To do :: No images, please. Copy each entry below exactly as it reads.

Dataset extract ::
[Start of Attachment]
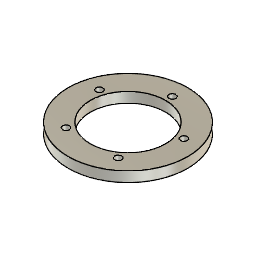
tampa v2 (Autodesk Fusion 360 design; units mm, degrees)
Autodesk Fusion 360 part; units mm, degrees
note: some values were not read from the file. Set by a fixed rule: which sketch regions a step uses.
sketch "Esboço1" plane through (0, 0, 0) normal (0, 0, 1) x (1, 0, 0)
  circle A0 centre (0, 0) radius 175
  line L0 (0, 0) -> (0, 130)
  circle A1 centre (0, 130) radius 10
  circle A2 centre (-123.6373, 40.1722) radius 10
  circle A3 centre (-76.4121, -105.1722) radius 10
  circle A4 centre (76.4121, -105.1722) radius 10
  circle A5 centre (123.6373, 40.1722) radius 10
  dimension "d1" = 350
  dimension "d2" = 130
  dimension "d3" = 20
  dimension "d5" = 360
  constraint coincident A0.centre L0.start
  constraint vertical L0
  constraint coincident L0.end A1.centre
  measures "d1" diameter of A0
  measures "d2" distance of A0.centre L0.end
  measures "d3" diameter of A1
extrude "Extrusão1" add sketch "Esboço1" along normal blind 30
sketch "Sketch2" plane through (0, 0, 30) normal (0, 0, 1) x (-1, 0, 0)
  circle A0 centre (76.4121, 105.1722) radius 10
  circle A1 centre (-123.6373, -40.1722) radius 10
  circle A2 centre (0, -130) radius 10
  circle A3 centre (-76.4121, 105.1722) radius 10
  circle A4 centre (123.6373, -40.1722) radius 10
  circle A5 centre (0, 0) radius 175
  circle A6 centre (0, 0) radius 110
  dimension "d11" = 220
  constraint concentric A5 A6
  measures "d11" diameter of A6
extrude "Extrude2" cut sketch "Sketch2" against normal blind 450 contours A6
[End of Attachment]
Result below ::
tampa v2 (Autodesk Fusion 360 design; units mm, degrees)
Autodesk Fusion 360 part; units mm, degrees
note: some values were not read from the file. Set by a fixed rule: which sketch regions a step uses.
sketch "Esboço1" plane through (0, 0, 0) normal (0, 0, 1) x (1, 0, 0)
  circle A0 centre (0, 0) radius 175
  line L0 (0, 0) -> (0, 130)
  circle A1 centre (0, 130) radius 10
  circle A2 centre (-123.6373, 40.1722) radius 10
  circle A3 centre (-76.4121, -105.1722) radius 10
  circle A4 centre (76.4121, -105.1722) radius 10
  circle A5 centre (123.6373, 40.1722) radius 10
  dimension "d1" = 350
  dimension "d2" = 130
  dimension "d3" = 20
  dimension "d5" = 360
  constraint coincident A0.centre L0.start
  constraint vertical L0
  constraint coincident L0.end A1.centre
  measures "d1" diameter of A0
  measures "d2" distance of A0.centre L0.end
  measures "d3" diameter of A1
extrude "Extrusão1" add sketch "Esboço1" along normal blind 30
sketch "Sketch2" plane through (0, 0, 30) normal (0, 0, 1) x (-1, 0, 0)
  circle A0 centre (76.4121, 105.1722) radius 10
  circle A1 centre (-123.6373, -40.1722) radius 10
  circle A2 centre (0, -130) radius 10
  circle A3 centre (-76.4121, 105.1722) radius 10
  circle A4 centre (123.6373, -40.1722) radius 10
  circle A5 centre (0, 0) radius 175
  circle A6 centre (0, 0) radius 110
  dimension "d11" = 220
  constraint concentric A5 A6
  measures "d11" diameter of A6
extrude "Extrude2" cut sketch "Sketch2" against normal blind 450 contours A6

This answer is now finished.